A shot is fired at `30^@` with the vertical from a point on the ground with kinetic energy `K`. If air resistance is ignored, the kinetic energy at the top of the trajectory is

To solve the problem of finding the kinetic energy at the top of the trajectory of a projectile fired at an angle of \(30^\circ\) with respect to the vertical, we can follow these steps: ### Step 1: Understand the Initial Conditions The initial kinetic energy \(K\) of the projectile is given. The projectile is fired at an angle of \(30^\circ\) with the vertical.
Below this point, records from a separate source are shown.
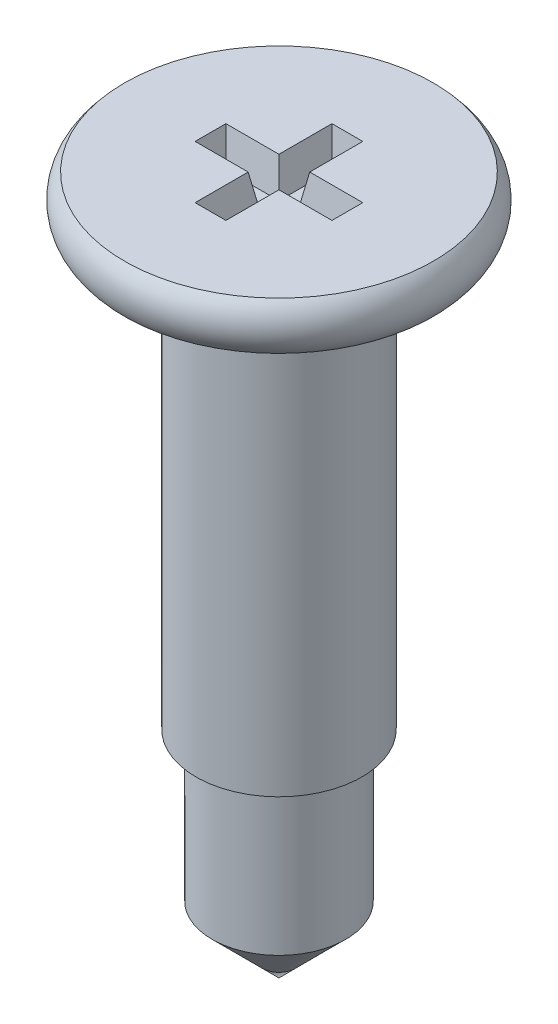
ISO-10303-21;
HEADER;
FILE_DESCRIPTION(('STEP AP214'),'2;1');
FILE_NAME('part.step','',(''),(''),'','','');
FILE_SCHEMA(('AUTOMOTIVE_DESIGN { 1 0 10303 214 1 1 1 1 }'));
ENDSEC;
DATA;
#1=APPLICATION_CONTEXT('core data for automotive mechanical design processes');
#2=APPLICATION_PROTOCOL_DEFINITION('international standard','automotive_design',2000,#1);
#3=PRODUCT_CONTEXT('',#1,'mechanical');
#4=PRODUCT('Part','Part','',(#3));
#5=PRODUCT_RELATED_PRODUCT_CATEGORY('part','',(#4));
#6=PRODUCT_DEFINITION_FORMATION('','',#4);
#7=PRODUCT_DEFINITION_CONTEXT('part definition',#1,'design');
#8=PRODUCT_DEFINITION('design','',#6,#7);
#9=PRODUCT_DEFINITION_SHAPE('','',#8);
#10=(LENGTH_UNIT() NAMED_UNIT(*) SI_UNIT(.MILLI.,.METRE.));
#11=(NAMED_UNIT(*) PLANE_ANGLE_UNIT() SI_UNIT($,.RADIAN.));
#12=(NAMED_UNIT(*) SI_UNIT($,.STERADIAN.) SOLID_ANGLE_UNIT());
#13=UNCERTAINTY_MEASURE_WITH_UNIT(LENGTH_MEASURE(1.E-05),#10,'distance_accuracy_value','');
#14=(GEOMETRIC_REPRESENTATION_CONTEXT(3) GLOBAL_UNCERTAINTY_ASSIGNED_CONTEXT((#13)) GLOBAL_UNIT_ASSIGNED_CONTEXT((#10,
#11,#12)) REPRESENTATION_CONTEXT('',''));
#15=CARTESIAN_POINT('',(0.,0.,0.));
#16=DIRECTION('',(0.,0.,1.));
#17=DIRECTION('',(1.,0.,0.));
#18=AXIS2_PLACEMENT_3D('',#15,#16,#17);
#19=CARTESIAN_POINT('',(-2.425,0.,0.));
#20=DIRECTION('',(0.,-1.,0.));
#21=DIRECTION('',(1.,0.,0.));
#22=AXIS2_PLACEMENT_3D('',#19,#20,#21);
#23=PLANE('',#22);
#24=CARTESIAN_POINT('',(0.,0.,0.));
#25=DIRECTION('',(0.,1.,0.));
#26=DIRECTION('',(-1.,0.,0.));
#27=AXIS2_PLACEMENT_3D('',#24,#25,#26);
#28=CIRCLE('',#27,2.425);
#29=CARTESIAN_POINT('',(-2.425,0.,0.));
#30=VERTEX_POINT('',#29);
#31=EDGE_CURVE('E177',#30,#30,#28,.T.);
#32=ORIENTED_EDGE('',*,*,#31,.T.);
#33=EDGE_LOOP('',(#32));
#34=FACE_BOUND('',#33,.T.);
#35=CARTESIAN_POINT('',(0.,0.,0.));
#36=DIRECTION('',(0.,1.,0.));
#37=DIRECTION('',(-1.,0.,0.));
#38=AXIS2_PLACEMENT_3D('',#35,#36,#37);
#39=CIRCLE('',#38,4.51414284285428);
#40=CARTESIAN_POINT('',(-4.51414284285429,0.,0.));
#41=VERTEX_POINT('',#40);
#42=EDGE_CURVE('E11',#41,#41,#39,.T.);
#43=ORIENTED_EDGE('',*,*,#42,.F.);
#44=EDGE_LOOP('',(#43));
#45=FACE_BOUND('',#44,.T.);
#46=ADVANCED_FACE('F34',(#34,#45),#23,.T.);
#47=CARTESIAN_POINT('',(0.,0.7,0.));
#48=DIRECTION('',(0.,1.,0.));
#49=DIRECTION('',(-1.,0.,0.));
#50=AXIS2_PLACEMENT_3D('',#47,#48,#49);
#51=TOROIDAL_SURFACE('',#50,3.8,1.);
#52=ORIENTED_EDGE('',*,*,#42,.T.);
#53=EDGE_LOOP('',(#52));
#54=FACE_BOUND('',#53,.T.);
#55=CARTESIAN_POINT('',(0.,1.4,0.));
#56=DIRECTION('',(0.,1.,0.));
#57=DIRECTION('',(-1.,0.,0.));
#58=AXIS2_PLACEMENT_3D('',#55,#56,#57);
#59=CIRCLE('',#58,4.51414284285428);
#60=CARTESIAN_POINT('',(-4.51414284285429,1.4,0.));
#61=VERTEX_POINT('',#60);
#62=EDGE_CURVE('E41',#61,#61,#59,.T.);
#63=ORIENTED_EDGE('',*,*,#62,.F.);
#64=EDGE_LOOP('',(#63));
#65=FACE_BOUND('',#64,.T.);
#66=ADVANCED_FACE('F241',(#54,#65),#51,.T.);
#67=CARTESIAN_POINT('',(-4.51414284285429,1.4,0.));
#68=DIRECTION('',(0.,1.,0.));
#69=DIRECTION('',(-1.,0.,0.));
#70=AXIS2_PLACEMENT_3D('',#67,#68,#69);
#71=PLANE('',#70);
#72=DIRECTION('',(-1.,0.,0.));
#73=VECTOR('',#72,1.);
#74=CARTESIAN_POINT('',(-0.45,1.4,-2.));
#75=LINE('',#74,#73);
#76=CARTESIAN_POINT('',(0.45,1.4,-2.));
#77=VERTEX_POINT('',#76);
#78=CARTESIAN_POINT('',(-0.45,1.4,-2.));
#79=VERTEX_POINT('',#78);
#80=EDGE_CURVE('E48',#77,#79,#75,.T.);
#81=ORIENTED_EDGE('',*,*,#80,.F.);
#82=DIRECTION('',(0.,0.,-1.));
#83=VECTOR('',#82,1.);
#84=CARTESIAN_POINT('',(0.45,1.4,-2.));
#85=LINE('',#84,#83);
#86=CARTESIAN_POINT('',(0.45,1.4,-0.45));
#87=VERTEX_POINT('',#86);
#88=EDGE_CURVE('E171',#87,#77,#85,.T.);
#89=ORIENTED_EDGE('',*,*,#88,.F.);
#90=DIRECTION('',(-1.,0.,0.));
#91=VECTOR('',#90,1.);
#92=CARTESIAN_POINT('',(0.45,1.4,-0.45));
#93=LINE('',#92,#91);
#94=CARTESIAN_POINT('',(2.,1.4,-0.45));
#95=VERTEX_POINT('',#94);
#96=EDGE_CURVE('E168',#95,#87,#93,.T.);
#97=ORIENTED_EDGE('',*,*,#96,.F.);
#98=DIRECTION('',(0.,0.,-1.));
#99=VECTOR('',#98,1.);
#100=CARTESIAN_POINT('',(2.,1.4,0.45));
#101=LINE('',#100,#99);
#102=CARTESIAN_POINT('',(2.,1.4,0.45));
#103=VERTEX_POINT('',#102);
#104=EDGE_CURVE('E165',#103,#95,#101,.T.);
#105=ORIENTED_EDGE('',*,*,#104,.F.);
#106=DIRECTION('',(1.,0.,0.));
#107=VECTOR('',#106,1.);
#108=CARTESIAN_POINT('',(0.45,1.4,0.45));
#109=LINE('',#108,#107);
#110=CARTESIAN_POINT('',(0.45,1.4,0.45));
#111=VERTEX_POINT('',#110);
#112=EDGE_CURVE('E162',#111,#103,#109,.T.);
#113=ORIENTED_EDGE('',*,*,#112,.F.);
#114=DIRECTION('',(0.,0.,-1.));
#115=VECTOR('',#114,1.);
#116=CARTESIAN_POINT('',(0.45,1.4,2.));
#117=LINE('',#116,#115);
#118=CARTESIAN_POINT('',(0.45,1.4,2.));
#119=VERTEX_POINT('',#118);
#120=EDGE_CURVE('E159',#119,#111,#117,.T.);
#121=ORIENTED_EDGE('',*,*,#120,.F.);
#122=DIRECTION('',(1.,0.,0.));
#123=VECTOR('',#122,1.);
#124=CARTESIAN_POINT('',(-0.45,1.4,2.));
#125=LINE('',#124,#123);
#126=CARTESIAN_POINT('',(-0.45,1.4,2.));
#127=VERTEX_POINT('',#126);
#128=EDGE_CURVE('E156',#127,#119,#125,.T.);
#129=ORIENTED_EDGE('',*,*,#128,.F.);
#130=DIRECTION('',(0.,0.,1.));
#131=VECTOR('',#130,1.);
#132=CARTESIAN_POINT('',(-0.45,1.4,2.));
#133=LINE('',#132,#131);
#134=CARTESIAN_POINT('',(-0.45,1.4,0.45));
#135=VERTEX_POINT('',#134);
#136=EDGE_CURVE('E153',#135,#127,#133,.T.);
#137=ORIENTED_EDGE('',*,*,#136,.F.);
#138=DIRECTION('',(1.,0.,0.));
#139=VECTOR('',#138,1.);
#140=CARTESIAN_POINT('',(-0.45,1.4,0.45));
#141=LINE('',#140,#139);
#142=CARTESIAN_POINT('',(-2.,1.4,0.45));
#143=VERTEX_POINT('',#142);
#144=EDGE_CURVE('E147',#143,#135,#141,.T.);
#145=ORIENTED_EDGE('',*,*,#144,.F.);
#146=DIRECTION('',(0.,0.,1.));
#147=VECTOR('',#146,1.);
#148=CARTESIAN_POINT('',(-2.,1.4,0.45));
#149=LINE('',#148,#147);
#150=CARTESIAN_POINT('',(-2.,1.4,-0.45));
#151=VERTEX_POINT('',#150);
#152=EDGE_CURVE('E145',#151,#143,#149,.T.);
#153=ORIENTED_EDGE('',*,*,#152,.F.);
#154=DIRECTION('',(-1.,0.,0.));
#155=VECTOR('',#154,1.);
#156=CARTESIAN_POINT('',(-0.45,1.4,-0.45));
#157=LINE('',#156,#155);
#158=CARTESIAN_POINT('',(-0.45,1.4,-0.45));
#159=VERTEX_POINT('',#158);
#160=EDGE_CURVE('E126',#159,#151,#157,.T.);
#161=ORIENTED_EDGE('',*,*,#160,.F.);
#162=DIRECTION('',(0.,0.,1.));
#163=VECTOR('',#162,1.);
#164=CARTESIAN_POINT('',(-0.45,1.4,-2.));
#165=LINE('',#164,#163);
#166=EDGE_CURVE('E137',#79,#159,#165,.T.);
#167=ORIENTED_EDGE('',*,*,#166,.F.);
#168=EDGE_LOOP('',(#81,#89,#97,#105,#113,#121,#129,#137,#145,#153,#161,#167));
#169=FACE_BOUND('',#168,.T.);
#170=ORIENTED_EDGE('',*,*,#62,.T.);
#171=EDGE_LOOP('',(#170));
#172=FACE_BOUND('',#171,.T.);
#173=ADVANCED_FACE('F141',(#169,#172),#71,.T.);
#174=CARTESIAN_POINT('',(0.,-17.05,0.));
#175=DIRECTION('',(0.,1.,0.));
#176=DIRECTION('',(-1.,0.,0.));
#177=AXIS2_PLACEMENT_3D('',#174,#175,#176);
#178=CONICAL_SURFACE('',#177,1.95,0.785398163397443);
#179=CARTESIAN_POINT('',(0.,-19.,0.));
#180=VERTEX_POINT('',#179);
#181=VERTEX_LOOP('',#180);
#182=FACE_BOUND('',#181,.T.);
#183=CARTESIAN_POINT('',(0.,-17.05,0.));
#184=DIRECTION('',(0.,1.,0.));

This means the angle with the horizontal is \(60^\circ\) (since \(90^\circ - 30^\circ = 60^\circ\)). ### Step 2: Break Down the Initial Velocity Let the initial velocity of the projectile be \(u\). We can break this velocity into its horizontal and vertical components: - The horizontal component \(u_x = u \cos(60^\circ) = u \cdot \frac{1}{2} = \frac{u}{2}\) - The vertical component \(u_y = u \sin(60^\circ) = u \cdot \frac{\sqrt{3}}{2}\) ### Step 3: Analyze the Kinetic Energy at the Top of the Trajectory At the top of the trajectory, the vertical component of the velocity becomes zero because the projectile momentarily stops moving upward before starting to descend. Therefore, only the horizontal component contributes to the kinetic energy at the top. The kinetic energy at the top of the trajectory \(K'\) can be expressed as: \[ K' = \frac{1}{2} m (u_x)^2 \] Substituting the horizontal component: \[ K' = \frac{1}{2} m \left(\frac{u}{2}\right)^2 = \frac{1}{2} m \cdot \frac{u^2}{4} = \frac{1}{8} m u^2 \] ### Step 4: Relate the Initial Kinetic Energy to the Kinetic Energy at the Top The initial kinetic energy \(K\) is given by: \[ K = \frac{1}{2} m u^2 \] ### Step 5: Find the Ratio of Kinetic Energies To find the relationship between \(K\) and \(K'\): \[ K' = \frac{1}{8} m u^2 = \frac{1}{4} \left(\frac{1}{2} m u^2\right) = \frac{K}{4} \] ### Conclusion Thus, the kinetic energy at the top of the trajectory is: \[ K' = \frac{K}{4} \]